Colleges and universities stress that the admission process is based on an assessment of each applicant as an individual. What I have written here would seem to undermine this assertion, but things are not quite so simple. Students are looked at as individuals but they are looked at as individuals who are also part of groups.



The groups are divided in ways I have outlined but within the groups students are given a close look for individual achievement and abilities.  I have said  here before that the world exists far more on the axis of both/and rather than either/or and in the case of groups vs. individuals I would again ask that people looking to critique or learn about admission understand that there is room for paradox and overlapping yet differing approaches.



Mutually exclusive thinking rather than pragmatic compromises often predominates political thinking these days but the challenge of trying to do many things well—bringing in lots of different great students with great being defined differently, seems a good way to, as the pragmatist philosopher said repeatedly affirmed, muddle through the infinite complexities of issues and life.
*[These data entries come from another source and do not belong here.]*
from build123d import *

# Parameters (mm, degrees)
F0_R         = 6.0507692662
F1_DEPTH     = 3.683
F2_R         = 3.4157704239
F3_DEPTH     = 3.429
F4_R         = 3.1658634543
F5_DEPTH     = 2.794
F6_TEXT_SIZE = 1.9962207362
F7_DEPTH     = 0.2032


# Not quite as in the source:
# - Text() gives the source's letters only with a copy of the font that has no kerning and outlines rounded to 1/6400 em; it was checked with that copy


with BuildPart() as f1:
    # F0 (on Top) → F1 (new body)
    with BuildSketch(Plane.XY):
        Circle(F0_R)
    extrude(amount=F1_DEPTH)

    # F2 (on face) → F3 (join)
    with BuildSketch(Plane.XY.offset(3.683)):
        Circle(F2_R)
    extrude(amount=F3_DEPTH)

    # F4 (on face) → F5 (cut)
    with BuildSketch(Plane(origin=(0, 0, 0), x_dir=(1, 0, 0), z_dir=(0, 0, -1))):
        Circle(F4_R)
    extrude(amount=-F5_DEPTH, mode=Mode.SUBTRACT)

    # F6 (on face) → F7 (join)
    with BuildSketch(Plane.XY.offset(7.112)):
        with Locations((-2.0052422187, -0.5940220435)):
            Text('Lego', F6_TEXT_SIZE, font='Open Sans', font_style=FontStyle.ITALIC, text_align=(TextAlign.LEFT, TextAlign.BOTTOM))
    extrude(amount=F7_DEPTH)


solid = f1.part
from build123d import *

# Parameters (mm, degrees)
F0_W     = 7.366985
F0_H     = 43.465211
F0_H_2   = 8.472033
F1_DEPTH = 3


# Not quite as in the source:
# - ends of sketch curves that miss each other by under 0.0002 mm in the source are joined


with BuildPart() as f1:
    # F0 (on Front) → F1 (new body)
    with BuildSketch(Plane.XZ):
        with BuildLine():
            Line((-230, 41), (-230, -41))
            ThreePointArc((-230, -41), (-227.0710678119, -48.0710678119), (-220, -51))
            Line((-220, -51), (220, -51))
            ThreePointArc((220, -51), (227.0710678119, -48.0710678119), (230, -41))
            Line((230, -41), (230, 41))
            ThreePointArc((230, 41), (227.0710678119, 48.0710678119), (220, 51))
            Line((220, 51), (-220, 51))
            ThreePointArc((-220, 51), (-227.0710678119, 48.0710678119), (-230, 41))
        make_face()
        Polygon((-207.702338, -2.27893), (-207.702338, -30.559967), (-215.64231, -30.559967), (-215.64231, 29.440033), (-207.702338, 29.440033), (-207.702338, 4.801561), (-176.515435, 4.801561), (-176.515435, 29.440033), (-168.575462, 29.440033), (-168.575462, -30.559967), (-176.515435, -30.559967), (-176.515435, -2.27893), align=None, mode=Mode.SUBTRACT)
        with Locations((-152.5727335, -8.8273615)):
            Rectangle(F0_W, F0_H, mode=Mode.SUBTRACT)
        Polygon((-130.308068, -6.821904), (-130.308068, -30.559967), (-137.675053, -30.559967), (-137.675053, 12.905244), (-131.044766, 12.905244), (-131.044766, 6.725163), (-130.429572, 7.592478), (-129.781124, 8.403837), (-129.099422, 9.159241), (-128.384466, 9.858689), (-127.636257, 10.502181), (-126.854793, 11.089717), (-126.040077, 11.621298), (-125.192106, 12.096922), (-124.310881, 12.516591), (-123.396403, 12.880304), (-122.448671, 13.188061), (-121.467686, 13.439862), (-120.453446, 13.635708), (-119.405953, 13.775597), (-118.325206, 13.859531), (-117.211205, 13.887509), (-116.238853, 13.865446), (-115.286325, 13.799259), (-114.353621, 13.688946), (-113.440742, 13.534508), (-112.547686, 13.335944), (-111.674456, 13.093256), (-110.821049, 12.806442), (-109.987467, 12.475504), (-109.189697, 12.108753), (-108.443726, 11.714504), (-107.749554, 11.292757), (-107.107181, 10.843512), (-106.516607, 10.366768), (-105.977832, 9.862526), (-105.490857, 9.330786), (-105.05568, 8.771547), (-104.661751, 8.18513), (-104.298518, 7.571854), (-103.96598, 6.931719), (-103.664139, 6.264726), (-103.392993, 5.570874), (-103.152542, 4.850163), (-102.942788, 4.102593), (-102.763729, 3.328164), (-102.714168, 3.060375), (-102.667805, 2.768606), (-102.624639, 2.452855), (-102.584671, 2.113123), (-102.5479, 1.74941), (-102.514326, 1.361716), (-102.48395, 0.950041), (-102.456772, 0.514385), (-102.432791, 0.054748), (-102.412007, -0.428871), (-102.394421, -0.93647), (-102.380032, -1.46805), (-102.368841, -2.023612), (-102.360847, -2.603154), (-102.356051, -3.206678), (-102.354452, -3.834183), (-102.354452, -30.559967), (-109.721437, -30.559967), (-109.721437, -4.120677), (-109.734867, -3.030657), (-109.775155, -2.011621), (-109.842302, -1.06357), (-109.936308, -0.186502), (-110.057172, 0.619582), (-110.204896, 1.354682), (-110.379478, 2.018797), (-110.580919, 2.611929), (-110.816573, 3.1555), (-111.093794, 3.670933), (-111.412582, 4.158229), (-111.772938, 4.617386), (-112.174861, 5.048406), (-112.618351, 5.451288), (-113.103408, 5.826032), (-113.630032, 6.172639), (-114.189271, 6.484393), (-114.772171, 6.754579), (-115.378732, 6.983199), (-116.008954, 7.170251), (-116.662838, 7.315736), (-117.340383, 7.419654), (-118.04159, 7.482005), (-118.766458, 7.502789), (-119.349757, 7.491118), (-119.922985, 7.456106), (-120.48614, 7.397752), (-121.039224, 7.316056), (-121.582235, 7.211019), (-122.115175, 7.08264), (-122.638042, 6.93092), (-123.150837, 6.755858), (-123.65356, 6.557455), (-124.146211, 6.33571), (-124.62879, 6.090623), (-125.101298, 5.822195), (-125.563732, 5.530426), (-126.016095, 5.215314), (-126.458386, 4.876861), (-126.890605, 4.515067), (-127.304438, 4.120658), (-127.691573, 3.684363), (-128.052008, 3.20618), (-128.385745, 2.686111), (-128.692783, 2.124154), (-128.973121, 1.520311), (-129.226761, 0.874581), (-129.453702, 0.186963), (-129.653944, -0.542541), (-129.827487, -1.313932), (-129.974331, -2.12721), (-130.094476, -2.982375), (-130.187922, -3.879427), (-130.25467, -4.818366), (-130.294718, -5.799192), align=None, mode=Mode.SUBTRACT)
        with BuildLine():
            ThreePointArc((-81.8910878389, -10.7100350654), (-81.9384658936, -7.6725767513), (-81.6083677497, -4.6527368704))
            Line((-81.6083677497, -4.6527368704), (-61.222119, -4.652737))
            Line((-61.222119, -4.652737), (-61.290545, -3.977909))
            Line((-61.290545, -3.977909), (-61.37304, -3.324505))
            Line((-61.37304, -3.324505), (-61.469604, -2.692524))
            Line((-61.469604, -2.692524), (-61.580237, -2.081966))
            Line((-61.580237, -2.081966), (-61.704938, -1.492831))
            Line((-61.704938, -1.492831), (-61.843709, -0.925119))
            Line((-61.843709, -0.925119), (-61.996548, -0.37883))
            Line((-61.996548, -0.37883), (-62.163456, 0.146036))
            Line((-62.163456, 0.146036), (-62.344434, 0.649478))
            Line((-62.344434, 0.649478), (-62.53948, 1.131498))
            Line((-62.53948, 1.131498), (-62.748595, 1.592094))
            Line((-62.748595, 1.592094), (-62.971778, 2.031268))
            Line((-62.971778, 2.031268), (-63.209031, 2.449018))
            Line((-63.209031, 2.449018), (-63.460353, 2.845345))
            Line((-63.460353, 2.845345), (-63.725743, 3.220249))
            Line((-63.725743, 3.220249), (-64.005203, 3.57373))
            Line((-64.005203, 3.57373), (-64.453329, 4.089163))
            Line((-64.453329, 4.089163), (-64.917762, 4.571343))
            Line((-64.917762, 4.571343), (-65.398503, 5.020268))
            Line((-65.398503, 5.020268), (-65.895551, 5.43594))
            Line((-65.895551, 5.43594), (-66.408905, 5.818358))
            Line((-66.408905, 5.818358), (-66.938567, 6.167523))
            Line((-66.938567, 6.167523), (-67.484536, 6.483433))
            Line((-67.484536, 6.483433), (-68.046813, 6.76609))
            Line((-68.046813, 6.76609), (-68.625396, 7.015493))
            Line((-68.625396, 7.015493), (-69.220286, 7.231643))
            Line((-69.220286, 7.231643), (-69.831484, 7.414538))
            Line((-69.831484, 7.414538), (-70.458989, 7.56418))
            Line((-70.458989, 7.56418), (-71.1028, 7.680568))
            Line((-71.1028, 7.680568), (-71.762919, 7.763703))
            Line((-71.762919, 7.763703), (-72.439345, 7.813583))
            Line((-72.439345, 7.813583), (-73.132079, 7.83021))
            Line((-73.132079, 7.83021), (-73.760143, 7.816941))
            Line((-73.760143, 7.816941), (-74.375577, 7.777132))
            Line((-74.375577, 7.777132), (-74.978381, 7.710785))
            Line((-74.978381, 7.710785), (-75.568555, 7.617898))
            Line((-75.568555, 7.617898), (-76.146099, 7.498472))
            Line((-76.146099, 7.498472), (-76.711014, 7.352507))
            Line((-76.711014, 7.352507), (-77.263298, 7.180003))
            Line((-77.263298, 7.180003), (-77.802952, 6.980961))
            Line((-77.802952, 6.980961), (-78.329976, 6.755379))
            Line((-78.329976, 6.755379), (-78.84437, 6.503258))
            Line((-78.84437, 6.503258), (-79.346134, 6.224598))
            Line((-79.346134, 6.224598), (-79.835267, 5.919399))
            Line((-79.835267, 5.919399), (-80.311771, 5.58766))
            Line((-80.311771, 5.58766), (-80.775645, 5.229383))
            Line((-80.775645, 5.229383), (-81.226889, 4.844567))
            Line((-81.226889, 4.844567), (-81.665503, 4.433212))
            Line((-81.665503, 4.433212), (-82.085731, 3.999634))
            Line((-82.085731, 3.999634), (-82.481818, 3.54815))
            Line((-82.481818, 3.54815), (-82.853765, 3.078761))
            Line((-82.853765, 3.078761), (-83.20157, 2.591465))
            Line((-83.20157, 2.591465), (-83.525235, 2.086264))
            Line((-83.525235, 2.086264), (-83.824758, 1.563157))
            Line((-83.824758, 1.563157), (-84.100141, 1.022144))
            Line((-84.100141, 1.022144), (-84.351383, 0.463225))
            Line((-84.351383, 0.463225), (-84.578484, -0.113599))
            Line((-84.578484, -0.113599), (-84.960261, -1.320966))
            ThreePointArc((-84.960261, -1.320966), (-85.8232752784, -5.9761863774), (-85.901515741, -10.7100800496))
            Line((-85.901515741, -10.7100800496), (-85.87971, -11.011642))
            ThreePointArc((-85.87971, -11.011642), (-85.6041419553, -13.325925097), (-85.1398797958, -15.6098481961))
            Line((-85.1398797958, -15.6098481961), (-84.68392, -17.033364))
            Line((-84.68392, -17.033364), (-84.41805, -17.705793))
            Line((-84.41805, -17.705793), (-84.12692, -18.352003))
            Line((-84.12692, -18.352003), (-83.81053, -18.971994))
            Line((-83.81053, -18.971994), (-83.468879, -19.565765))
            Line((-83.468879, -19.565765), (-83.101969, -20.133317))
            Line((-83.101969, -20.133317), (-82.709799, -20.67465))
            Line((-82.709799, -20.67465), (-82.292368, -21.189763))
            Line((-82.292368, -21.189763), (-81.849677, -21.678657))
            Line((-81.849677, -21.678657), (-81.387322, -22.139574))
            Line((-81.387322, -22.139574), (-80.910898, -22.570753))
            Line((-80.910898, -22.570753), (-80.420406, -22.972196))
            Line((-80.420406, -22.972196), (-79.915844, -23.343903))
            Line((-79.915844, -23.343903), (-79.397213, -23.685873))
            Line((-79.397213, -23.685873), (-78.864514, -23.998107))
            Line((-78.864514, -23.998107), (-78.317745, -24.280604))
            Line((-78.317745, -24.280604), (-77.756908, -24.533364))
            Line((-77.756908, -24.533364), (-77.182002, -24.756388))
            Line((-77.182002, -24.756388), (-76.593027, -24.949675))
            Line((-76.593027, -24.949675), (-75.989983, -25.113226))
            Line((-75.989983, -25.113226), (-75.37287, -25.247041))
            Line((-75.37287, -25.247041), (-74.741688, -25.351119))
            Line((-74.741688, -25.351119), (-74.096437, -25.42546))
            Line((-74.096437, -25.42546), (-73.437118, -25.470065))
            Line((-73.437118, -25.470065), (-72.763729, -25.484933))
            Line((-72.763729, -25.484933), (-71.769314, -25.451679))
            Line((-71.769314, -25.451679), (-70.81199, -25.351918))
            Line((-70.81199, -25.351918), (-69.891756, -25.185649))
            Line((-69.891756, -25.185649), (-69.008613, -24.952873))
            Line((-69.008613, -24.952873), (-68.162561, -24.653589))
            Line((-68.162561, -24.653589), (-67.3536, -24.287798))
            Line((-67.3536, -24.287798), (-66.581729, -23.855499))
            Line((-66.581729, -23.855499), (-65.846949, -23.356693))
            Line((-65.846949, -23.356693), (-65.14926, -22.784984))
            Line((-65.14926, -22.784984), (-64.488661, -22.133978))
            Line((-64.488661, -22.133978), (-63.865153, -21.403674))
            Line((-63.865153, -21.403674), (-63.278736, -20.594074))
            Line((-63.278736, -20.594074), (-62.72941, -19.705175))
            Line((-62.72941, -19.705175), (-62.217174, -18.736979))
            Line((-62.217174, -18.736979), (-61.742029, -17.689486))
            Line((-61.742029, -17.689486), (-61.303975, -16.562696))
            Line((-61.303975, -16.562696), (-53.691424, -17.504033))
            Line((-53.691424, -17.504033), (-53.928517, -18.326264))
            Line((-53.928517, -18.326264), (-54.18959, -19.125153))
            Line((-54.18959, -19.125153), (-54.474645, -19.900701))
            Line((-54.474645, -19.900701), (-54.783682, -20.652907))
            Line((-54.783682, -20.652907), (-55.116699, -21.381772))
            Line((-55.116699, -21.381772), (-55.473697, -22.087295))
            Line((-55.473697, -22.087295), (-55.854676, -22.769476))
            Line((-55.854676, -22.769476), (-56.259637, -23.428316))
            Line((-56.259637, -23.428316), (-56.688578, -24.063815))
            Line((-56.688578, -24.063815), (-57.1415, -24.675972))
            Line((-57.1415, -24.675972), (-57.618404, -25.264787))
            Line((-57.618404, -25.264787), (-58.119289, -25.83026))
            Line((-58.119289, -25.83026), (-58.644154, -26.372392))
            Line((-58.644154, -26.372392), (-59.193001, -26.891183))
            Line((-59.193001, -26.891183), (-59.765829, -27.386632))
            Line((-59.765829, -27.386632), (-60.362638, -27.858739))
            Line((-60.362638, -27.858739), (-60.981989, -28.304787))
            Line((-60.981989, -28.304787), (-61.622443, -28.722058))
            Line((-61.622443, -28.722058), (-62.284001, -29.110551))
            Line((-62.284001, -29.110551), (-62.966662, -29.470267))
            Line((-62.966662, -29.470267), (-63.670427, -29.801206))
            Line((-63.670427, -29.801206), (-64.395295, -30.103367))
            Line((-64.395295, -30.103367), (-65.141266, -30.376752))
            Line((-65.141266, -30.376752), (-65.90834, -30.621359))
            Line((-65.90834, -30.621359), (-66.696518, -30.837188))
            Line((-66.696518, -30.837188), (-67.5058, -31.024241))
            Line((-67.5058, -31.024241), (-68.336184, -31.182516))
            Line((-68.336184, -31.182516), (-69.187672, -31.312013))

In part 3 of this overview of what makes the best students  I will attempt to examine another admission paradox: for richer for poorer.


1 comment:

  1. A great summary of how selective college admission (in my experience in admission and seeing it as a counselor) works. I think it's interesting, as well, to take a step back even further and question the American notion of who should be on a college campus. The "usefulness" you describe serves, it seems to me, to attempt to produce little utopias of sorts through an incredibly complicated and bewildering set factors to be judged by admission committees. I am a college counselor who works at a high school with a foreign curriculum, and I've worked at two high schools in other countries. Lots of my students apply to Canadian universities, where the only factors judged are academic ones: sometimes only grades, or sometimes a combination of grades and standardized test scores. There's no essay, no recommendations, just grades and the proper high-school courses needed. I have been on many Canadian campuses, and they are just as diverse-looking as their US counterparts whose admission officers have spent months haggling over legacies and athletes and minority students and pointy kids and bootstrappers. At least, this is true of the most well-known Canadian universities. So I have to wonder: is this ridiculously complicated American process really worth it? The American admission process speaks to the larger ideal of America, of the American dream, I think.